7.15.2009

10 Dietary Reasons For Poor Nutrition By Kevin Hinton

We understand that there is very rarely, if ever, only one predisposing cause in regards to symptoms of ill health - it is usually, and in most cases, a combination of all eight essential factors, viz: Foods, Air, Water, Sunlight, Exercise, Rest, Mental Poise, Spinal Integrity.

However, if there were one disease-producing factor that is more predominant than any other - it would be "improperly constituted food."

The following snippets will address 10 factors in our Western diet that contribute toward 'disease symptoms.'

1. Foods of poor quality - grown on impoverished soil and fed chemicals to stimulate growth - their life-force is stunted.

2. Foods heated beyond their critical temperature - each food likes to be eaten at a specific temperature - only then does it open its vault and reveal its sweetness and fragrance.

3. Frozen foods - snap frozen nutrition - at what point of nutrition were they frozen.

4. Irradiated foods - put in the same category with frozen - dead food.

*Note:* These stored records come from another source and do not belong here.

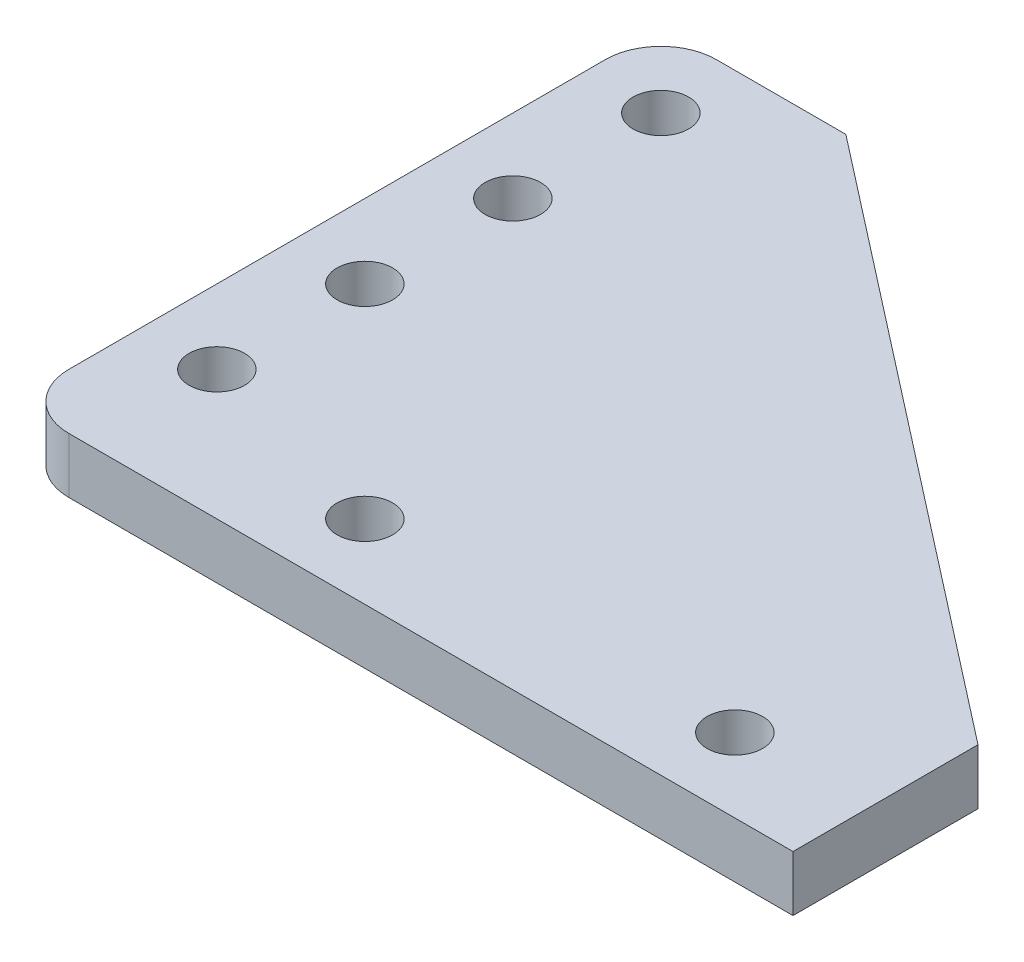
ISO-10303-21;
HEADER;
FILE_DESCRIPTION(('STEP AP214'),'2;1');
FILE_NAME('part.step','',(''),(''),'','','');
FILE_SCHEMA(('AUTOMOTIVE_DESIGN { 1 0 10303 214 1 1 1 1 }'));
ENDSEC;
DATA;
#1=APPLICATION_CONTEXT('core data for automotive mechanical design processes');
#2=APPLICATION_PROTOCOL_DEFINITION('international standard','automotive_design',2000,#1);
#3=PRODUCT_CONTEXT('',#1,'mechanical');
#4=PRODUCT('Part','Part','',(#3));
#5=PRODUCT_RELATED_PRODUCT_CATEGORY('part','',(#4));
#6=PRODUCT_DEFINITION_FORMATION('','',#4);
#7=PRODUCT_DEFINITION_CONTEXT('part definition',#1,'design');
#8=PRODUCT_DEFINITION('design','',#6,#7);
#9=PRODUCT_DEFINITION_SHAPE('','',#8);
#10=(LENGTH_UNIT() NAMED_UNIT(*) SI_UNIT(.MILLI.,.METRE.));
#11=(NAMED_UNIT(*) PLANE_ANGLE_UNIT() SI_UNIT($,.RADIAN.));
#12=(NAMED_UNIT(*) SI_UNIT($,.STERADIAN.) SOLID_ANGLE_UNIT());
#13=UNCERTAINTY_MEASURE_WITH_UNIT(LENGTH_MEASURE(1.E-05),#10,'distance_accuracy_value','');
#14=(GEOMETRIC_REPRESENTATION_CONTEXT(3) GLOBAL_UNCERTAINTY_ASSIGNED_CONTEXT((#13)) GLOBAL_UNIT_ASSIGNED_CONTEXT((#10,
#11,#12)) REPRESENTATION_CONTEXT('',''));
#15=CARTESIAN_POINT('',(0.,0.,0.));
#16=DIRECTION('',(0.,0.,1.));
#17=DIRECTION('',(1.,0.,0.));
#18=AXIS2_PLACEMENT_3D('',#15,#16,#17);
#19=CARTESIAN_POINT('',(42.1428571428571,3.,0.));
#20=DIRECTION('',(1.,0.,0.));
#21=DIRECTION('',(0.,0.,-1.));
#22=AXIS2_PLACEMENT_3D('',#19,#20,#21);
#23=PLANE('',#22);
#24=DIRECTION('',(0.,0.,1.));
#25=VECTOR('',#24,1.);
#26=CARTESIAN_POINT('',(42.1428571428571,0.,0.));
#27=LINE('',#26,#25);
#28=CARTESIAN_POINT('',(42.1428571428571,0.,-9.99999999999999));
#29=VERTEX_POINT('',#28);
#30=CARTESIAN_POINT('',(42.1428571428571,0.,0.));
#31=VERTEX_POINT('',#30);
#32=EDGE_CURVE('E110',#29,#31,#27,.T.);
#33=ORIENTED_EDGE('',*,*,#32,.F.);
#34=DIRECTION('',(0.,-1.,0.));
#35=VECTOR('',#34,1.);
#36=CARTESIAN_POINT('',(42.1428571428571,3.,-9.99999999999999));
#37=LINE('',#36,#35);
#38=CARTESIAN_POINT('',(42.1428571428571,3.,-9.99999999999999));
#39=VERTEX_POINT('',#38);
#40=EDGE_CURVE('E105',#39,#29,#37,.T.);
#41=ORIENTED_EDGE('',*,*,#40,.F.);
#42=DIRECTION('',(0.,0.,1.));
#43=VECTOR('',#42,1.);
#44=CARTESIAN_POINT('',(42.1428571428571,3.,0.));
#45=LINE('',#44,#43);
#46=CARTESIAN_POINT('',(42.1428571428571,3.,0.));
#47=VERTEX_POINT('',#46);
#48=EDGE_CURVE('E107',#39,#47,#45,.T.);
#49=ORIENTED_EDGE('',*,*,#48,.T.);
#50=DIRECTION('',(0.,-1.,0.));
#51=VECTOR('',#50,1.);
#52=CARTESIAN_POINT('',(42.1428571428571,3.,0.));
#53=LINE('',#52,#51);
#54=EDGE_CURVE('E142',#47,#31,#53,.T.);
#55=ORIENTED_EDGE('',*,*,#54,.T.);
#56=EDGE_LOOP('',(#33,#41,#49,#55));
#57=FACE_BOUND('',#56,.T.);
#58=ADVANCED_FACE('F45',(#57),#23,.T.);
#59=CARTESIAN_POINT('',(20.7307692307692,3.,-26.6538461538462));
#60=DIRECTION('',(0.61394061351492,0.,-0.789352217376326));
#61=DIRECTION('',(-0.789352217376326,0.,-0.613940613514921));
#62=AXIS2_PLACEMENT_3D('',#59,#60,#61);
#63=PLANE('',#62);
#64=DIRECTION('',(0.789352217376326,0.,0.613940613514921));
#65=VECTOR('',#64,1.);
#66=CARTESIAN_POINT('',(20.7307692307692,0.,-26.6538461538462));
#67=LINE('',#66,#65);
#68=CARTESIAN_POINT('',(10.,0.,-35.));
#69=VERTEX_POINT('',#68);
#70=EDGE_CURVE('E169',#69,#29,#67,.T.);
#71=ORIENTED_EDGE('',*,*,#70,.F.);
#72=DIRECTION('',(0.,-1.,0.));
#73=VECTOR('',#72,1.);
#74=CARTESIAN_POINT('',(10.,3.,-35.));
#75=LINE('',#74,#73);
#76=CARTESIAN_POINT('',(10.,3.,-35.));
#77=VERTEX_POINT('',#76);
#78=EDGE_CURVE('E117',#77,#69,#75,.T.);
#79=ORIENTED_EDGE('',*,*,#78,.F.);
#80=DIRECTION('',(0.789352217376326,0.,0.613940613514921));
#81=VECTOR('',#80,1.);
#82=CARTESIAN_POINT('',(20.7307692307692,3.,-26.6538461538462));
#83=LINE('',#82,#81);
#84=EDGE_CURVE('E121',#77,#39,#83,.T.);
#85=ORIENTED_EDGE('',*,*,#84,.T.);
#86=ORIENTED_EDGE('',*,*,#40,.T.);
#87=EDGE_LOOP('',(#71,#79,#85,#86));
#88=FACE_BOUND('',#87,.T.);
#89=ADVANCED_FACE('F128',(#88),#63,.T.);
#90=CARTESIAN_POINT('',(0.,3.,-35.));
#91=DIRECTION('',(0.,0.,-1.));
#92=DIRECTION('',(-1.,0.,0.));
#93=AXIS2_PLACEMENT_3D('',#90,#91,#92);
#94=PLANE('',#93);
#95=DIRECTION('',(1.,0.,0.));
#96=VECTOR('',#95,1.);
#97=CARTESIAN_POINT('',(0.,0.,-35.));
#98=LINE('',#97,#96);
#99=CARTESIAN_POINT('',(3.,0.,-35.));
#100=VERTEX_POINT('',#99);
#101=EDGE_CURVE('E172',#100,#69,#98,.T.);
#102=ORIENTED_EDGE('',*,*,#101,.F.);
#103=DIRECTION('',(0.,-1.,0.));
#104=VECTOR('',#103,1.);
#105=CARTESIAN_POINT('',(3.,3.,-35.));
#106=LINE('',#105,#104);
#107=CARTESIAN_POINT('',(3.,3.,-35.));
#108=VERTEX_POINT('',#107);
#109=EDGE_CURVE('E11',#100,#108,#106,.F.);
#110=ORIENTED_EDGE('',*,*,#109,.T.);
#111=DIRECTION('',(1.,0.,0.));
#112=VECTOR('',#111,1.);
#113=CARTESIAN_POINT('',(0.,3.,-35.));
#114=LINE('',#113,#112);
#115=EDGE_CURVE('E131',#108,#77,#114,.T.);
#116=ORIENTED_EDGE('',*,*,#115,.T.);
#117=ORIENTED_EDGE('',*,*,#78,.T.);
#118=EDGE_LOOP('',(#102,#110,#116,#117));
#119=FACE_BOUND('',#118,.T.);
#120=ADVANCED_FACE('F221',(#119),#94,.T.);
#121=CARTESIAN_POINT('',(0.,3.,0.));
#122=DIRECTION('',(-1.,0.,0.));
#123=DIRECTION('',(0.,0.,1.));
#124=AXIS2_PLACEMENT_3D('',#121,#122,#123);
#125=PLANE('',#124);
#126=DIRECTION('',(0.,0.,-1.));
#127=VECTOR('',#126,1.);
#128=CARTESIAN_POINT('',(0.,0.,0.));
#129=LINE('',#128,#127);
#130=CARTESIAN_POINT('',(0.,0.,-3.));
#131=VERTEX_POINT('',#130);
#132=CARTESIAN_POINT('',(0.,0.,-32.));
#133=VERTEX_POINT('',#132);
#134=EDGE_CURVE('E175',#131,#133,#129,.T.);
#135=ORIENTED_EDGE('',*,*,#134,.F.);
#136=DIRECTION('',(0.,-1.,0.));
#137=VECTOR('',#136,1.);
#138=CARTESIAN_POINT('',(0.,3.,-3.));
#139=LINE('',#138,#137);
#140=CARTESIAN_POINT('',(0.,3.,-3.));
#141=VERTEX_POINT('',#140);
#142=EDGE_CURVE('E201',#131,#141,#139,.F.);
#143=ORIENTED_EDGE('',*,*,#142,.T.);
#144=DIRECTION('',(0.,0.,-1.));
#145=VECTOR('',#144,1.);
#146=CARTESIAN_POINT('',(0.,3.,0.));
#147=LINE('',#146,#145);
#148=CARTESIAN_POINT('',(0.,3.,-32.));
#149=VERTEX_POINT('',#148);
#150=EDGE_CURVE('E134',#141,#149,#147,.T.);
#151=ORIENTED_EDGE('',*,*,#150,.T.);
#152=DIRECTION('',(0.,-1.,0.));
#153=VECTOR('',#152,1.);
#154=CARTESIAN_POINT('',(0.,3.,-32.));
#155=LINE('',#154,#153);
#156=EDGE_CURVE('E197',#149,#133,#155,.T.);
#157=ORIENTED_EDGE('',*,*,#156,.T.);
#158=EDGE_LOOP('',(#135,#143,#151,#157));
#159=FACE_BOUND('',#158,.T.);
#160=ADVANCED_FACE('F218',(#159),#125,.T.);
#161=CARTESIAN_POINT('',(4.,3.,-23.));
#162=DIRECTION('',(0.,-1.,0.));
#163=DIRECTION('',(0.,0.,-1.));
#164=AXIS2_PLACEMENT_3D('',#161,#162,#163);
#165=CYLINDRICAL_SURFACE('',#164,1.5);
#166=CARTESIAN_POINT('',(4.,3.,-23.));
#167=DIRECTION('',(0.,1.,0.));
#168=DIRECTION('',(0.,0.,1.));
#169=AXIS2_PLACEMENT_3D('',#166,#167,#168);
#170=CIRCLE('',#169,1.5);
#171=CARTESIAN_POINT('',(4.,3.,-21.5));
#172=VERTEX_POINT('',#171);
#173=EDGE_CURVE('E125',#172,#172,#170,.T.);
#174=ORIENTED_EDGE('',*,*,#173,.T.);
#175=EDGE_LOOP('',(#174));
#176=FACE_BOUND('',#175,.T.);
#177=CARTESIAN_POINT('',(4.,0.,-23.));
#178=DIRECTION('',(0.,1.,0.));
#179=DIRECTION('',(0.,0.,1.));
#180=AXIS2_PLACEMENT_3D('',#177,#178,#179);
#181=CIRCLE('',#180,1.5);
#182=CARTESIAN_POINT('',(4.,0.,-21.5));
#183=VERTEX_POINT('',#182);
#184=EDGE_CURVE('E163',#183,#183,#181,.T.);
#185=ORIENTED_EDGE('',*,*,#184,.F.);
#186=EDGE_LOOP('',(#185));
#187=FACE_BOUND('',#186,.T.);
#188=ADVANCED_FACE('F228',(#176,#187),#165,.F.);
#189=CARTESIAN_POINT('',(4.,3.,-15.));
#190=DIRECTION('',(0.,-1.,0.));
#191=DIRECTION('',(0.,0.,-1.));
#192=AXIS2_PLACEMENT_3D('',#189,#190,#191);
#193=CYLINDRICAL_SURFACE('',#192,1.5);
#194=CARTESIAN_POINT('',(4.,3.,-15.));
#195=DIRECTION('',(0.,1.,0.));
#196=DIRECTION('',(0.,0.,1.));
#197=AXIS2_PLACEMENT_3D('',#194,#195,#196);
#198=CIRCLE('',#197,1.5);
#199=CARTESIAN_POINT('',(4.,3.,-13.5));
#200=VERTEX_POINT('',#199);
#201=EDGE_CURVE('E419',#200,#200,#198,.T.);
#202=ORIENTED_EDGE('',*,*,#201,.T.);
#203=EDGE_LOOP('',(#202));
#204=FACE_BOUND('',#203,.T.);
#205=CARTESIAN_POINT('',(4.,0.,-15.));
#206=DIRECTION('',(0.,1.,0.));
#207=DIRECTION('',(0.,0.,1.));
#208=AXIS2_PLACEMENT_3D('',#205,#206,#207);
#209=CIRCLE('',#208,1.5);
#210=CARTESIAN_POINT('',(4.,0.,-13.5));
#211=VERTEX_POINT('',#210);
#212=EDGE_CURVE('E159',#211,#211,#209,.T.);
#213=ORIENTED_EDGE('',*,*,#212,.F.);
#214=EDGE_LOOP('',(#213));
#215=FACE_BOUND('',#214,.T.);
#216=ADVANCED_FACE('F238',(#204,#215),#193,.F.);
#217=CARTESIAN_POINT('',(15.,3.,-3.99999999999999));
#218=DIRECTION('',(0.,-1.,0.));
#219=DIRECTION('',(0.,0.,-1.));
#220=AXIS2_PLACEMENT_3D('',#217,#218,#219);
#221=CYLINDRICAL_SURFACE('',#220,1.5);
#222=CARTESIAN_POINT('',(15.,3.,-3.99999999999999));
#223=DIRECTION('',(0.,1.,0.));
#224=DIRECTION('',(0.,0.,1.));
#225=AXIS2_PLACEMENT_3D('',#222,#223,#224);
#226=CIRCLE('',#225,1.5);
#227=CARTESIAN_POINT('',(15.,3.,-2.49999999999999));
#228=VERTEX_POINT('',#227);
#229=EDGE_CURVE('E415',#228,#228,#226,.T.);
#230=ORIENTED_EDGE('',*,*,#229,.T.);
#231=EDGE_LOOP('',(#230));
#232=FACE_BOUND('',#231,.T.);
#233=CARTESIAN_POINT('',(15.,0.,-3.99999999999999));
#234=DIRECTION('',(0.,1.,0.));
#235=DIRECTION('',(0.,0.,1.));
#236=AXIS2_PLACEMENT_3D('',#233,#234,#235);
#237=CIRCLE('',#236,1.5);
#238=CARTESIAN_POINT('',(15.,0.,-2.49999999999999));
#239=VERTEX_POINT('',#238);
#240=EDGE_CURVE('E155',#239,#239,#237,.T.);
#241=ORIENTED_EDGE('',*,*,#240,.F.);
#242=EDGE_LOOP('',(#241));
#243=FACE_BOUND('',#242,.T.);
#244=ADVANCED_FACE('F242',(#232,#243),#221,.F.);
#245=CARTESIAN_POINT('',(35.,3.,-4.));
#246=DIRECTION('',(0.,-1.,0.));
#247=DIRECTION('',(0.,0.,-1.));
#248=AXIS2_PLACEMENT_3D('',#245,#246,#247);
#249=CYLINDRICAL_SURFACE('',#248,1.5);
#250=CARTESIAN_POINT('',(35.,3.,-4.));
#251=DIRECTION('',(0.,1.,0.));
#252=DIRECTION('',(0.,0.,1.));
#253=AXIS2_PLACEMENT_3D('',#250,#251,#252);
#254=CIRCLE('',#253,1.5);
#255=CARTESIAN_POINT('',(35.,3.,-2.5));
#256=VERTEX_POINT('',#255);
#257=EDGE_CURVE('E411',#256,#256,#254,.T.);
#258=ORIENTED_EDGE('',*,*,#257,.T.);
#259=EDGE_LOOP('',(#258));
#260=FACE_BOUND('',#259,.T.);
#261=CARTESIAN_POINT('',(35.,0.,-4.));
#262=DIRECTION('',(0.,1.,0.));
#263=DIRECTION('',(0.,0.,1.));
#264=AXIS2_PLACEMENT_3D('',#261,#262,#263);
#265=CIRCLE('',#264,1.5);
#266=CARTESIAN_POINT('',(35.,0.,-2.5));
#267=VERTEX_POINT('',#266);
#268=EDGE_CURVE('E151',#267,#267,#265,.T.);
#269=ORIENTED_EDGE('',*,*,#268,.F.);
#270=EDGE_LOOP('',(#269));
#271=FACE_BOUND('',#270,.T.);
#272=ADVANCED_FACE('F246',(#260,#271),#249,.F.);
#273=CARTESIAN_POINT('',(4.,3.,-7.));
#274=DIRECTION('',(0.,-1.,0.));
#275=DIRECTION('',(0.,0.,-1.));
#276=AXIS2_PLACEMENT_3D('',#273,#274,#275);
#277=CYLINDRICAL_SURFACE('',#276,1.5);
#278=CARTESIAN_POINT('',(4.,3.,-7.));
#279=DIRECTION('',(0.,1.,0.));
#280=DIRECTION('',(0.,0.,1.));
#281=AXIS2_PLACEMENT_3D('',#278,#279,#280);
#282=CIRCLE('',#281,1.5);
#283=CARTESIAN_POINT('',(4.,3.,-5.5));
#284=VERTEX_POINT('',#283);
#285=EDGE_CURVE('E407',#284,#284,#282,.T.);
#286=ORIENTED_EDGE('',*,*,#285,.T.);
#287=EDGE_LOOP('',(#286));
#288=FACE_BOUND('',#287,.T.);
#289=CARTESIAN_POINT('',(4.,0.,-7.));
#290=DIRECTION('',(0.,1.,0.));
#291=DIRECTION('',(0.,0.,1.));
#292=AXIS2_PLACEMENT_3D('',#289,#290,#291);
#293=CIRCLE('',#292,1.5);
#294=CARTESIAN_POINT('',(4.,0.,-5.5));
#295=VERTEX_POINT('',#294);
#296=EDGE_CURVE('E147',#295,#295,#293,.T.);
#297=ORIENTED_EDGE('',*,*,#296,.F.);
#298=EDGE_LOOP('',(#297));
#299=FACE_BOUND('',#298,.T.);
#300=ADVANCED_FACE('F250',(#288,#299),#277,.F.);
#301=CARTESIAN_POINT('',(4.,3.,-31.));
#302=DIRECTION('',(0.,-1.,0.));
#303=DIRECTION('',(0.,0.,-1.));
#304=AXIS2_PLACEMENT_3D('',#301,#302,#303);
#305=CYLINDRICAL_SURFACE('',#304,1.5);
#306=CARTESIAN_POINT('',(4.,3.,-31.));
#307=DIRECTION('',(0.,1.,0.));
#308=DIRECTION('',(0.,0.,1.));
#309=AXIS2_PLACEMENT_3D('',#306,#307,#308);
#310=CIRCLE('',#309,1.5);
#311=CARTESIAN_POINT('',(4.,3.,-29.5));
#312=VERTEX_POINT('',#311);
#313=EDGE_CURVE('E183',#312,#312,#310,.T.);
#314=ORIENTED_EDGE('',*,*,#313,.T.);
#315=EDGE_LOOP('',(#314));
#316=FACE_BOUND('',#315,.T.);
#317=CARTESIAN_POINT('',(4.,0.,-31.));
#318=DIRECTION('',(0.,1.,0.));
#319=DIRECTION('',(0.,0.,1.));
#320=AXIS2_PLACEMENT_3D('',#317,#318,#319);
#321=CIRCLE('',#320,1.5);
#322=CARTESIAN_POINT('',(4.,0.,-29.5));
#323=VERTEX_POINT('',#322);
#324=EDGE_CURVE('E143',#323,#323,#321,.T.);
#325=ORIENTED_EDGE('',*,*,#324,.F.);
#326=EDGE_LOOP('',(#325));
#327=FACE_BOUND('',#326,.T.);
#328=ADVANCED_FACE('F254',(#316,#327),#305,.F.);
#329=CARTESIAN_POINT('',(0.,3.,0.));
#330=DIRECTION('',(0.,0.,1.));
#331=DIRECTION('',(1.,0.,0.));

5. Non foods - almost anything wrapped, bagged, boxed, canned or otherwise kept together by something other than a living skin.

6. Those articles that are sold by their emotional appeal - containing additives, preservatives, colorings, emulsifiers, etc. - concoctions of R&D people in laboratories trying to make products that resemble food properties - they are but a poor imitation of nature's bountiful fruits.

7. Excess amounts of foods beyond the true needs of the body - need we say more? The average person has almost no idea of the quantity of foods needed to maintain a condition of health.

8. Foods eaten out of cycle with the body's rhythms - 24 hour digestion is not natural.

9. Foods picked before ripeness and shipped to destinations out of the natural growth cycle - and arriving with almost no sweetness (read as no sugars) and therefore having little value in supplying the vital elements necessary for the growth of tissue and supply of nerve force.

10. The eating of foods that are not the most efficient source of energy transmutation for that particular species - as in the human species eating flesh foods.

Please remember that playground joke from your childhood:
Q: How does one eat an elephant?
A: A bite at a time.
Life is like that - sometimes doing a little bit a time is the best way to get to where you are going. All the best in taking a little bite at a time as you improve your dietary requirements.